Submission to these arrangements is near irresistible because the portent of social and
economic failure-- the fear of falling behind, of being deemed outdated. The rhythms of
technological consumption are inseparable from the requirements of continual self-
administration. Every new product or service presents itself as essential for the
bureaucratic organization of one’s life (46).

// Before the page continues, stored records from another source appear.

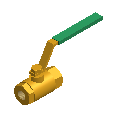
# Autodesk Inventor part: Parker Female-Female Pipe Ends XV500P XV500P-12
Saved by Autodesk Inventor 2020 (Build 240152000, 152)
## iProperties
_DisabledCommands: 0
Created: 2009-02-04
Part Number: Parker Female-Female Pipe Ends XV500P XV500P-12
Material: Brass, Soft Yellow
Description: Female-Female Pipe Ends
Document SubType Name: Modeling
Standard: Parker
Designer: Demir Ali
Manufacturer: Parker
Language: en-US
Size Designation: XV500P-12
Categories: <MemberInstance><Categories><Category DisplayName="Tube &amp; Pipe" InternalName="4347fa0f-2144-441d-94cd-e3e15c92b736" Mnemonic="TUBEANDPIPE"><CategoryParameter DisplayName="InLineGroups" InternalName="d60be647-bc43-4c18-a13f-9fe4115f8e64" Mnemonic="INLINEGROUPS"/><CategoryParameter DisplayName="Number of Connections" InternalName="04e9c83a-9e20-4a98-a7e1-e8abe87a2846" Mnemonic="NUM_CONNECTIONS"/><CategoryParameter DisplayName="Angles" InternalName="0e0e4fa4-3bd3-4656-a22e-4e07c8c476f8" Mnemonic="ANGLES"><CategoryParameter DisplayName="Angle" InternalName="9188ad83-1b16-48b4-8b0a-76ce729dafa7" Mnemonic="ANGLE"/></CategoryParameter><CategoryParameter DisplayName="NameOfComponent" InternalName="9c74ad13-48a1-45fe-b0f7-5447561f444a" Mnemonic="NAMEOFCOMPONENT"/><CategoryParameter DisplayName="SKey" InternalName="3da84699-049a-4bc2-a65a-6696b77c242f" Mnemonic="SKEY"/><CategoryParameter DisplayName="ITEM-CODE" InternalName="99cc3b15-24d9-4d38-aac7-792cfbc57acf" Mnemonic="ITEMCODE"/><CategoryParameter DisplayName="ISOGEN Description" InternalName="7aa3ba45-b821-4467-8584-f9e6f15f2a7d" Mnemonic="ISOGENDESC"/><Category DisplayName="Fittings" InternalName="ed6b26c4-72b8-4f31-9b63-f85ae8f932e4" Mnemonic="FITTINGS"><CategoryParameter DisplayName="Connections" InternalName="dbd721e8-e885-4eea-9011-b5acfd9f61de" Mnemonic="FIT_CONNECTIONS"><CategoryParameter DisplayName="NominalSize" InternalName="3f94edc7-e459-48db-8f02-8eebf8cffccd" Mnemonic="NS"/><CategoryParameter DisplayName="FlipDirection" InternalName="d55dedc0-f14a-4283-86b4-a4eeb253c8aa" Mnemonic="FLIPDIRECTION"/><CategoryParameter DisplayName="DisplayName" InternalName="50f521dd-e050-43f7-9895-6b30ea7ed42e" Mnemonic="DISPLAYNAME"/><CategoryParameter DisplayName="Female" InternalName="b366bcb5-a500-4bad-84bb-22f956216d69" Mnemonic="FEMALE"/><CategoryParameter DisplayName="EndTreatment" InternalName="d7f11516-3374-45ca-b1c7-4b2d63244ae2" Mnemonic="ENDTREATMENT"/><CategoryParameter DisplayName="Fixed" InternalName="9142902a-6a8a-446d-9eb8-4b7ce7d245ef" Mnemonic="FIXED"/><CategoryParameter DisplayName="MaxEngagement" InternalName="34fdf028-8797-436e-ba07-ca3dee15bd9b" Mnemonic="MAXENGAGEMENT"/><CategoryParameter DisplayName="MinEngagement [% of MaxEngagement]" InternalName="7ec1bde5-73f0-45b1-98d8-365a6c67f8ad" Mnemonic="MINENGAGEMENT"/><CategoryParameter DisplayName="ScheduleNumber" InternalName="d6161c62-eb59-4495-a086-874847c10866" Mnemonic="SN"/><CategoryParameter DisplayName="Max Mating Pipe Size" InternalName="e73ef66b-c04b-45ac-9b32-f712653e25ee" Mnemonic="MXMPS"/><CategoryParameter DisplayName="Min Mating Pipe Size" InternalName="11f51b32-3e37-4310-abf7-f1318a1fd129" Mnemonic="MNMPS"/><CategoryParameter DisplayName="Cut Mating Pipe" InternalName="53a63a6e-53d8-4ca9-8880-037731d1cceb" Mnemonic="CMP"/><CategoryParameter DisplayName="Gender Neutral" InternalName="628bd5f1-acad-44e2-9d91-af996ab74fc2" Mnemonic="NEUTRAL"/></CategoryParameter><CategoryParameter DisplayName="Connections" InternalName="dbd721e8-e885-4eea-9011-b5acfd9f61de" Mnemonic="FIT_CONNECTIONS"><CategoryParameter DisplayName="NominalSize" InternalName="3f94edc7-e459-48db-8f02-8eebf8cffccd" Mnemonic="NS"/><CategoryParameter DisplayName="FlipDirection" InternalName="d55dedc0-f14a-4283-86b4-a4eeb253c8aa" Mnemonic="FLIPDIRECTION"/><CategoryParameter DisplayName="DisplayName" InternalName="50f521dd-e050-43f7-9895-6b30ea7ed42e" Mnemonic="DISPLAYNAME"/><CategoryParameter DisplayName="Female" InternalName="b366bcb5-a500-4bad-84bb-22f956216d69" Mnemonic="FEMALE"/><CategoryParameter DisplayName="EndTreatment" InternalName="d7f11516-3374-45ca-b1c7-4b2d63244ae2" Mnemonic="ENDTREATMENT"/><CategoryParameter DisplayName="Fixed" InternalName="9142902a-6a8a-446d-9eb8-4b7ce7d245ef" Mnemonic="FIXED"/><CategoryParameter DisplayName="MaxEngagement" InternalName="34fdf028-8797-436e-ba07-ca3dee15bd9b" Mnemonic="MAXENGAGEMENT"/><CategoryParameter DisplayName="MinEngagement [% of MaxEngagement]" InternalName="7ec1bde5-73f0-45b1-98d8-365a6c67f8ad" Mnemonic="MINENGAGEMENT"/><CategoryParameter DisplayName="ScheduleNumber" InternalName="d6161c62-eb59-4495-a086-874847c10866" Mnemonic="SN"/><CategoryParameter DisplayName="Max Mating Pipe Size" InternalName="e73ef66b-c04b-45ac-9b32-f712653e25ee" Mnemonic="MXMPS"/><CategoryParameter DisplayName="Min Mating Pipe Size" InternalName="11f51b32-3e37-4310-abf7-f1318a1fd129" Mnemonic="MNMPS"/><CategoryParameter DisplayName="Cut Mating Pipe" InternalName="53a63a6e-53d8-4ca9-8880-037731d1cceb" Mnemonic="CMP"/><CategoryParameter DisplayName="Gender Neutral" InternalName="628bd5f1-acad-44e2-9d91-af996ab74fc2" Mnemonic="NEUTRAL"/></CategoryParameter><Category DisplayName="Valves" InternalName="b54f24b4-8c71-4f76-b075-760a31c67e8e" Mnemonic="Valve"/></Category></Category><Category DisplayName="DataType" InternalName="23b78d0f-2648-40c6-8793-ca6db495c9e8" Mnemonic="DATATYPE"><CategoryParameter DisplayName="DisplayName" InternalName="05415f3d-3907-474b-a020-eb9d644f4cf3" Mnemonic="DISPLAYNAME"/><CategoryParameter DisplayName="InternalName" InternalName="cf1d0246-76d9-4b4a-8305-fa0409afb5c1" Mnemonic="INTERNALNAME"/><CategoryParameter DisplayName="Folder Name" InternalName="3f06958e-8713-4116-9be7-ed6184ecc97b" Mnemonic="FOLDERNAME"/><CategoryParameter DisplayName="Family Version" InternalName="914462f6-6e19-4b14-ba84-155b9680b1d0" Mnemonic="FAMILYREVISION"/><CategoryParameter DisplayName="ClipFormat" InternalName="bc51e27b-3422-4e78-93ef-cec197ddf230" Mnemonic="CLIPFORMAT"/><CategoryParameter DisplayName="IsMetric" InternalName="e2385c5b-1ea4-4823-96a8-8de651266ec3" Mnemonic="ISMETRIC"/><CategoryParameter DisplayName="Description" InternalName="13903e3d-64b1-4950-80da-f627842ea37f" Mnemonic="DESCRIPTION"/><CategoryParameter DisplayName="StdsOrg" InternalName="8f5914e1-4693-403f-8ab5-d37768198c9d" Mnemonic="STDSORG"/><CategoryParameter DisplayName="Standard" InternalName="0c0a119c-1e12-4c84-803f-101930972f5e" Mnemonic="STANDARD"/><CategoryParameter DisplayName="Manufacturer" InternalName="cd6c7a72-a28a-4e50-99a9-2c7f4e13e5ad" Mnemonic="MANUFACTURER"/><CategoryParameter DisplayName="Member Revision" InternalName="a65d44b9-392f-4f4f-857b-e4b3d54996fe" Mnemonic="MEMBERREVISION"/><CategoryParameter DisplayName="Standard Revision" InternalName="91d5a463-65c2-4fde-b823-3b7fea5e8e17" Mnemonic="STANDARDREVISION"/><CategoryParameter DisplayName="Revision Guid" InternalName="45a75005-10b1-4dfc-8d6d-dfe629f0b93c" Mnemonic="REVISIONGUID"/><CategoryParameter DisplayName="Designation" InternalName="2675968c-4ce5-49e0-a4f5-552d29089031" Mnemonic="DESIGNATION"/><CategoryParameter DisplayName="FileName" InternalName="8b46a4cc-9585-4fed-90c3-899f57e09a73" Mnemonic="FILENAME"/><CategoryParameter DisplayName="Default Row" InternalName="2af9ec52-faaa-4026-b378-f9fa4afca842" Mnemonic="DEFAULTROW"/><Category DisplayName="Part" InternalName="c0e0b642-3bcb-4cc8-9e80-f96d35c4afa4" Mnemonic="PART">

            The 24/7’s all encompassing rule creates a new form of extra economic coercion, where the
threat of removal from the cycle remains as oppressive as the direct participation in the cycle.
What results from this coercion is a large number of subjects dwelling passively in a liminal
space, somewhere between avoidance and participation, and in the end, no matter how
strongly opposed, one still remains affected by the 24/7’s authoritative rule, whether one is
participating willingly or not.


            The cycle of work and consumption has become so relentless, that an ironic issue has
resulted; humans now must buy their sleep. Overwhelmed by the stresses and anxieties of the
24/7 cycle, an insomniac condition develops where one cannot sleep due to worry, and one
must tranquilize themselves in order to acquire the adequate amount of sleep to prepare for
the monotonously repetitive, soul-crushing cycle of work. Crary states,


All of the encroachments on it create the insomniac conditions in which sleep must be
bought. Statistics of soaring use of hypnotics show that, in 2010, around fifty million
Americans were prescribed compounds like Ambien or Lunesta, and many millions
more bought over the counter sleep products (18).

 

            Capitalists have successfully commoditized humanity’s last safe haven, so even if an
individual’s sleep hasn’t been exploited outright, a profit can still be turned, which in turn
adds to the girth of the capitalists engorged belly that disgustingly protrudes over their belts,
full from its voracious quest for economic dominance as it eradicates and infiltrates
humanity’s last standing social defense.


            In previous generations, the sanctity of sleep had gone undisturbed, however, now
with the invention and integration of the smartphone, humanity’s once romantic dreamscape
has now turned into a blue-light induced nightmare that permanently violates the paradise of
sleep. The capitalists provide their consumers with the perfect tool to firmly establish the
24/7 nature of capitalism as an eternal law. Zombie-like faces stare into a glaring abyss,
shopping eternally, as if they were doomed just as Sisyphus was, yet instead of being bound by a boulder they’re bound by an online shopping cart. The smartphone has seamlessly
eradicated barriers of consumption that had previously stood in the capitalists way. Stores
now exist in an incorporeal region untouched by night where closing hours don’t apply and
consumption never ceases. As Crary states, “The planet becomes reimagined as a nonstop
work site or an always open shopping mall of infinite choices, tasks, selections, and
digressions. Sleeplessness is the state in which producing, consuming, and discarding occur
without pause, hastening the exhaustion of life and the depletion of resources” (17). The
smartphone had been advertised as a tool of liberation, invented to bring humanity to a new
frontier of knowledge. Yet in the hands of the capitalist it acts as a digital form of slavery, each
click serving as another link on the heavy chains that bind humanity in the inescapable 24/7
cycle.

            The fiendish ideology of neoliberalism has successfully inculcated the masses into the
belief that an unimpeded cycle of 24/7 work and consumption remains as unchanging and
eternal as the natural laws that dictate the function of the universe. Now indistinguishable
from divine law, 24/7’s relentless rule will proceed in crushing humanity’s last safe haven of
sleep and social solace. Humanity now resides on the precipice of an age of darkened
consciousness, where no light is permitted but that of the shining demigod forms of
technology that illuminate the complacent and docile faces of generations to come.